南晚的臉一下子就紅了,就好似做壞事被人當場抓到的窘迫。
「那什麼——」甚至連聲音都變得結巴了起來。
韓啟堯就這麼淡淡的笑著:「我剛想和你說,找地方把衣服掛起來,現在掛起來了,挺好的。」
「嗯。」南晚應聲。
好像那種不自然的氣氛瞬間就被緩和了。
「我不在,你也不買菜了?」韓啟堯又問。
南晚很不自然的抓了抓頭髮:「太忙,忘記了。」
她昏天暗地的,是根本沒注意到冰箱裡還有沒有剩東西,而她拙劣的做菜的技能,該慶幸的是,韓美心從來不挑剔。
所以,這麼折騰下來,冰箱裡,應該是沒什麼東西了。
「去收拾下,一會下樓吃飯,吃完飯,我們去買菜。」韓啟堯淡淡的說著。
「噢——」南晚被動的點頭。
忽然,她想想起什麼似的,看著韓啟堯:「韓大哥,那什麼,我沒事的話,要去醫院的——」
「你叫我什麼?」韓啟堯的聲音不咸不淡的。
「韓啟堯——」南晚立刻改了口,低著頭。
一句話,就讓之前火辣辣的氣氛瞬間捲土重來。
但偏偏韓啟堯戛然而止:「快去收拾。醫院那邊我交代過了,你周一再進去就可以了。」
「好。」這次,南晚是真的不敢再造次。
韓啟堯的耐心很好,就在客廳安靜的等著南晚,南晚也不磨蹭,沒一會的功夫就出現在韓啟堯的面前。
韓啟堯倒是驚訝了下:「好了?」
「嗯。」南晚應聲,被韓啟堯問的下意識的看著自己,「哪裡不對嗎?」
休閒短褲,休閒t恤,頭髮隨意的紮起來,一張素顏,卻分外的讓人喜歡。
「沒有。」韓啟堯的喉結滑動,努力壓制自己心口的那種躁動的感覺。
這麼多年,他接觸的女人,就算是南初,在他的面前都會略施粉黛,大部分都是濃妝艷抹的。
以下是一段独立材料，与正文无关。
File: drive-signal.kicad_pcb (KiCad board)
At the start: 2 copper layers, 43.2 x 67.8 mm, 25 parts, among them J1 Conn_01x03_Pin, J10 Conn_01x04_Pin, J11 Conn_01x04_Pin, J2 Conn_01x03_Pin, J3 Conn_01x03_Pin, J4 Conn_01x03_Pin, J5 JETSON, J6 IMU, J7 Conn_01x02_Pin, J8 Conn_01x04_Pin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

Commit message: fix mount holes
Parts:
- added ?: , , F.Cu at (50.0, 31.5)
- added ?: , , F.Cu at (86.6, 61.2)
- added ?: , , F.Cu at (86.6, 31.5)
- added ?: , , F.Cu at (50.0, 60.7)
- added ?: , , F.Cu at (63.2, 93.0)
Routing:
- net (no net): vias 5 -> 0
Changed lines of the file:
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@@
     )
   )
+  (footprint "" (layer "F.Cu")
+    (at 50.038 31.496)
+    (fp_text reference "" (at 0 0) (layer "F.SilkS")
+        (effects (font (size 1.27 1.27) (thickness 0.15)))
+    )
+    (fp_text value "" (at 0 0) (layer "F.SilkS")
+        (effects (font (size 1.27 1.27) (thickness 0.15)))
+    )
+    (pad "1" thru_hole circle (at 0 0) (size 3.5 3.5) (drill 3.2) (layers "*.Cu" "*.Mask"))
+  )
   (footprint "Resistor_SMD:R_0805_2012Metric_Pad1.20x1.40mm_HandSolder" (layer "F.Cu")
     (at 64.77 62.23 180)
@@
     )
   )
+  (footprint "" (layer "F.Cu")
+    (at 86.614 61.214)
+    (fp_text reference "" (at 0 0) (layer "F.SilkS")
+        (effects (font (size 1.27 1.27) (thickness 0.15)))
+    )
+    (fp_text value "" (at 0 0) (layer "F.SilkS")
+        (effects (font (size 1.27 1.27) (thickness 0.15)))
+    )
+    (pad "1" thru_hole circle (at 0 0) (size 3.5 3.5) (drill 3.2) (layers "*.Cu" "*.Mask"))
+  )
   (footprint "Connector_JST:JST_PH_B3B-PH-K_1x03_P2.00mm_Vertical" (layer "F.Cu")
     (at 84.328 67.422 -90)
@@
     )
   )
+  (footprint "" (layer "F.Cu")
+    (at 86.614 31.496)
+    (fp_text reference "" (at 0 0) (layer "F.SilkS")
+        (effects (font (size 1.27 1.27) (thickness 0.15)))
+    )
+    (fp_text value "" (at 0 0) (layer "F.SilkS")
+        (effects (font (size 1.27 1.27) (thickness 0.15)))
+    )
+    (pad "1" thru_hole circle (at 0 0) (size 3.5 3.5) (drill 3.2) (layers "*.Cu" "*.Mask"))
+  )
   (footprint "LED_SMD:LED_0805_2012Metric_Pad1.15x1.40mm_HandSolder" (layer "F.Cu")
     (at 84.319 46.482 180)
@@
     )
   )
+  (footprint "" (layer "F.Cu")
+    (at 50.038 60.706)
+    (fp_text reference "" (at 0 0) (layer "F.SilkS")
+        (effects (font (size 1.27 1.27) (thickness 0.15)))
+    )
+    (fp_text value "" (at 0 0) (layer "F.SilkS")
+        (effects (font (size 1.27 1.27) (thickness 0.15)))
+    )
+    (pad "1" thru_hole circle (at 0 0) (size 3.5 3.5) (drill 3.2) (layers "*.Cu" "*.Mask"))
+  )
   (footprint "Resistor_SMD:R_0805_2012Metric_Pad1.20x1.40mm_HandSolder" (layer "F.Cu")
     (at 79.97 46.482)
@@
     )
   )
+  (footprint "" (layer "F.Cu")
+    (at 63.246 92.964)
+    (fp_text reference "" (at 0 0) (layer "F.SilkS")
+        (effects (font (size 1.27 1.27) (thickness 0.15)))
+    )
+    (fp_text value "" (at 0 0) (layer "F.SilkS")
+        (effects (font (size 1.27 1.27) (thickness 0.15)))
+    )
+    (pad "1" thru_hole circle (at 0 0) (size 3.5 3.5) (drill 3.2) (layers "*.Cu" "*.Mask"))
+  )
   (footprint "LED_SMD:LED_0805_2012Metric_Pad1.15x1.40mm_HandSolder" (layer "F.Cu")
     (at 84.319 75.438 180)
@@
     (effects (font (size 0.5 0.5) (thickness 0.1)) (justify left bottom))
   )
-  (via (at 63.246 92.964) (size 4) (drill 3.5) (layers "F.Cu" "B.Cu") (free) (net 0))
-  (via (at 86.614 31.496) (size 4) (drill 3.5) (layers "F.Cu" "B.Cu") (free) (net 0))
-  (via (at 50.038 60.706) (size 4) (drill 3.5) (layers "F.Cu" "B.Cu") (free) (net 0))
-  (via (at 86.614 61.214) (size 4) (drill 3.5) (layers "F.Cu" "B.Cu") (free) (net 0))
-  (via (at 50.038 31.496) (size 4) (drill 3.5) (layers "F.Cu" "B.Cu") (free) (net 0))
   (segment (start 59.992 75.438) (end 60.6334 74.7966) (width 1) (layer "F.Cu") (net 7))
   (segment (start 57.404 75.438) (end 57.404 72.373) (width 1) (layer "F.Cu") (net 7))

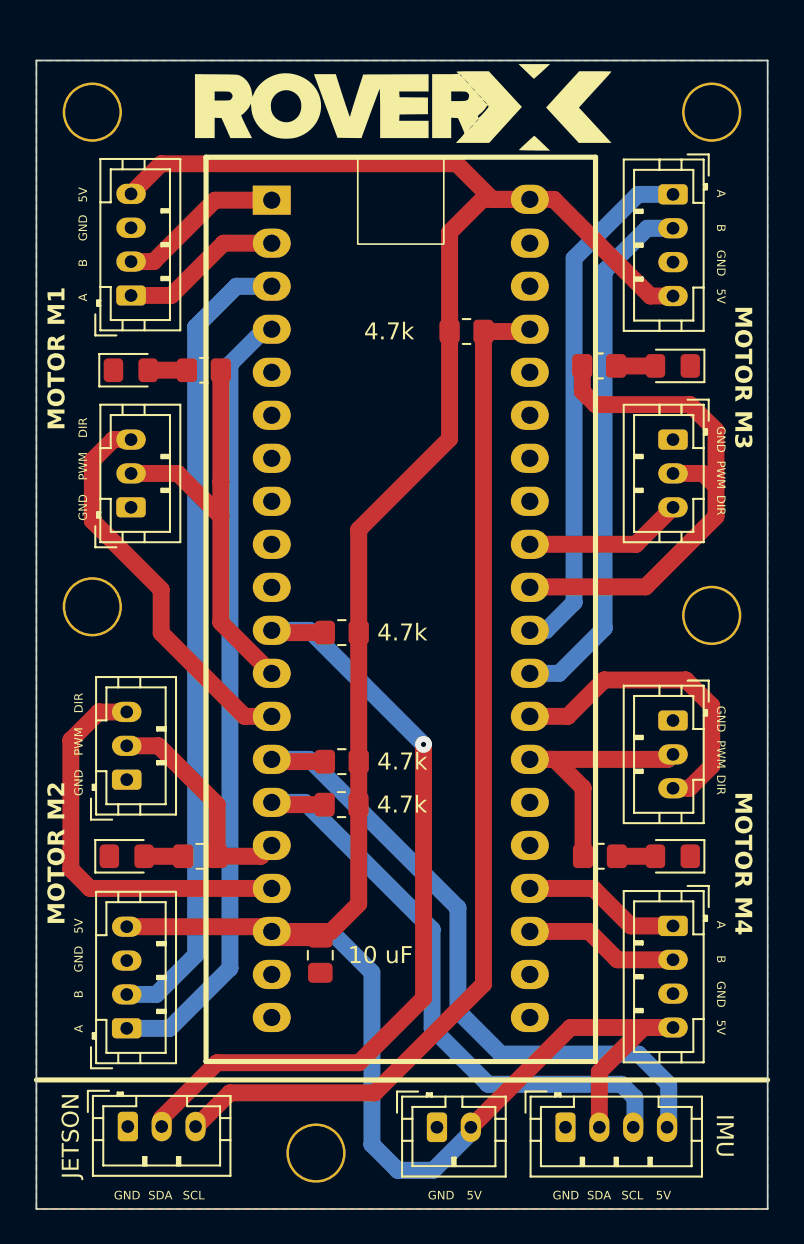
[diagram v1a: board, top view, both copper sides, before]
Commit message: make JSTs horizontal
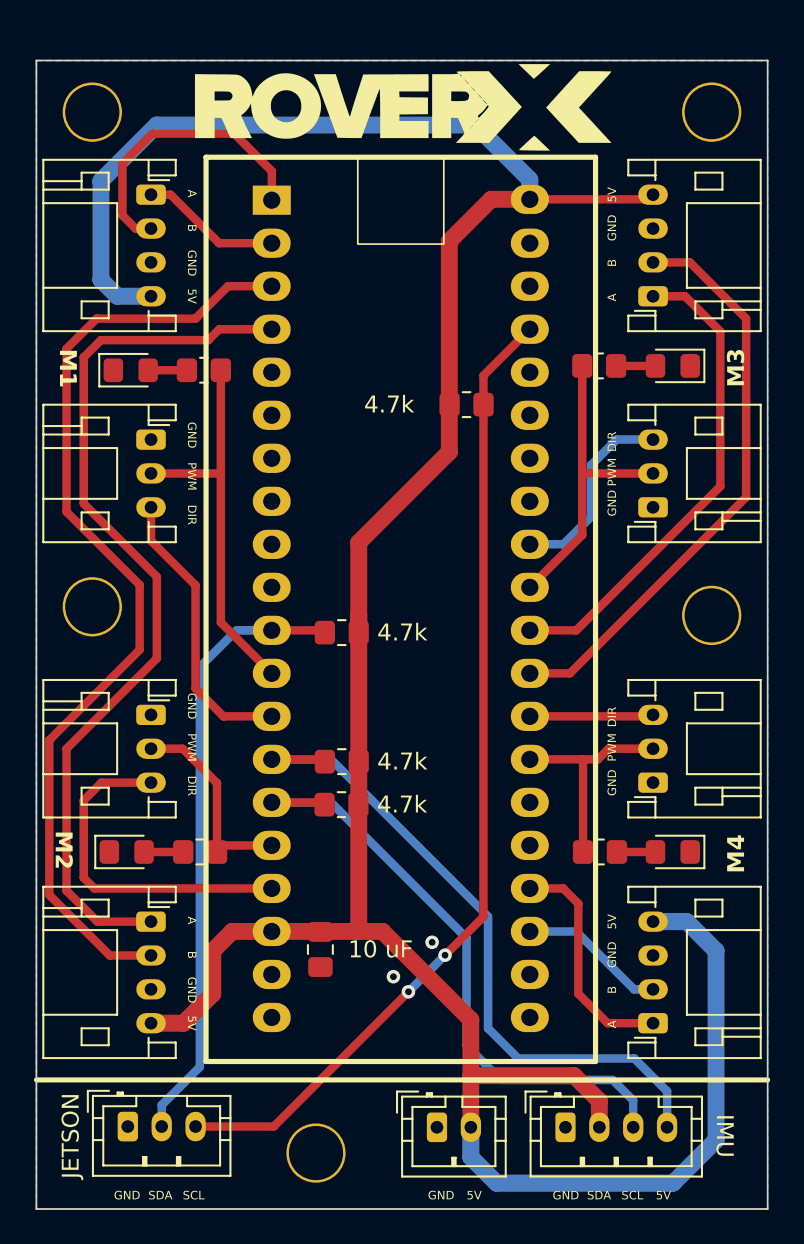
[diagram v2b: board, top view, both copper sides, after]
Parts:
- J1, J2, J3, J4: footprint Connector_JST:JST_PH_B3B-PH-K_1x03_P2.00mm_Vertical -> Connector_JST:JST_PH_S3B-PH-K_1x03_P2.00mm_Horizontal
- J10, J11, J8, J9: footprint Connector_JST:JST_PH_B4B-PH-K_1x04_P2.00mm_Vertical -> Connector_JST:JST_PH_S4B-PH-K_1x04_P2.00mm_Horizontal
- moved J9 6.46 mm to (53.5, 79.3), turned to -90 degrees
- moved J11 6.13 mm to (83.1, 42.4), turned to 90 degrees
- moved J8 6.07 mm to (53.5, 36.4), turned to -90 degrees
- moved J10 5.87 mm to (83.1, 85.3), turned to 90 degrees
- moved R4 4.32 mm to (72.1, 48.8)
- moved J4 4.17 mm to (83.1, 54.8), turned to 90 degrees
- moved J1 4.17 mm to (53.5, 50.8), turned to -90 degrees
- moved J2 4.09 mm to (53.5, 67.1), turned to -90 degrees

像南晚這樣乾淨的連唇膏都不擦的人,大概真的是第一個。
韓啟堯失笑出聲:「走吧。」
「好的。」南晚應聲。
韓啟堯走在前面,南晚跟在韓啟堯的身後,但是她卻下意識的和韓啟堯保持了適當的距離。
結果,韓啟堯一個轉身,很淡的看著南晚。
下一瞬,南晚的手就已經被韓啟堯的大掌包裹了起來,牽在掌心,瞬間,南晚的掌心就變得汗涔涔起來。
「你平日走路都這麼慢?」韓啟堯有些不可思議,「我以為醫學院的學生首先學會的就是跑,畢竟病人不等人。」
南晚:「」
那是因為看見你,所以才慢了。
「你樓下有家早點看起來很不錯,我很多年沒回來了,也很久沒吃到這些地道的東西了。」韓啟堯轉移了話題,像是看出了南晚的不好意思。
南晚接茬:「嗯,那家很多人排隊的。我也很久沒吃了。」
「想吃什麼?」
「油餅,粉條,再來小籠包。」
「好。」
韓啟堯牽著南晚下了樓梯,在一口的樓梯口的時候,鄰居看見了,衝著南晚打了招呼:「晚晚,你什麼時候回來的,好多年都沒看見你了。」
「剛回來。」南晚禮貌的應著。
這個左鄰右舍,是真的很多年都不曾換過,三姑六婆傳達八卦的速度非常的快,所以南晚面對這些人的時候都顯得謹慎。
特別是以前南初的事情。
倒是老太太聽著南晚的聲音,卻在韓啟堯身上打著轉,一臉的滿意:「這是你男朋友啊,蠻好的,長得好,也高,看起來就可以保護你。」
「呃——」南晚尷尬了下。
她動了動唇,才想解釋,韓啟堯已經很淡的開口了:「阿姨,我帶南晚先去吃飯,回頭聊。」
「好好好。」老太太應聲,「年輕人就是要這樣,多顧著女朋友一點。」
南晚的臉紅的不能再紅,韓啟堯卻始終面不改色,和老太太頷首示意後,就帶著南晚出了公寓。
南晚很久都沒回過神,韓啟堯也沒說什麼。
這樣的事情上,似乎他們都是一帶而過,誰都沒捅破那層紙。
而南晚也知道,確確實實,她和韓啟堯什麼也沒發生,除了今天早上那個猝不及防的吻,還有韓美心這樣的意外。
好像,事情越來越複雜了。
南晚在心裡默默的嘆了口氣,但是這的情緒,卻又始終藏的很好。
——
兩人一路走到了早餐店。
早餐店人來人往,熙熙攘攘的,韓啟堯帶著南晚帶了一陣時間,才輪到空位,他把南晚安置在位置上,很自然的站起身起點餐。
南晚安安靜靜的等著。
這附近不少是慕名而來的人,但是大部分還是老食客,大家和老闆都挺熟悉的,聊著家常。
南晚很安靜的聽著。
一直到韓啟堯買完早餐,端了過來,她才回過神:「謝謝。」
「吃吧。」韓啟堯把一次性的勺子和筷子遞到了南晚的面前。
南晚低頭很自然的吃著,倒是韓啟堯一動不動的看著南晚,南晚忽然像是想起什麼似的:「不好意思,我想你可能對這種地方吃不太習慣。」
「沒有。」韓啟堯否認了,「我的東西還沒上來,我點了一碗麵條。」
「有小籠包什麼的。」南晚侷促了下。
韓啟堯還沒來得及說話,手機的鈴聲響了起來,他示意了下,接了起來,南晚的聲音也戛然而止。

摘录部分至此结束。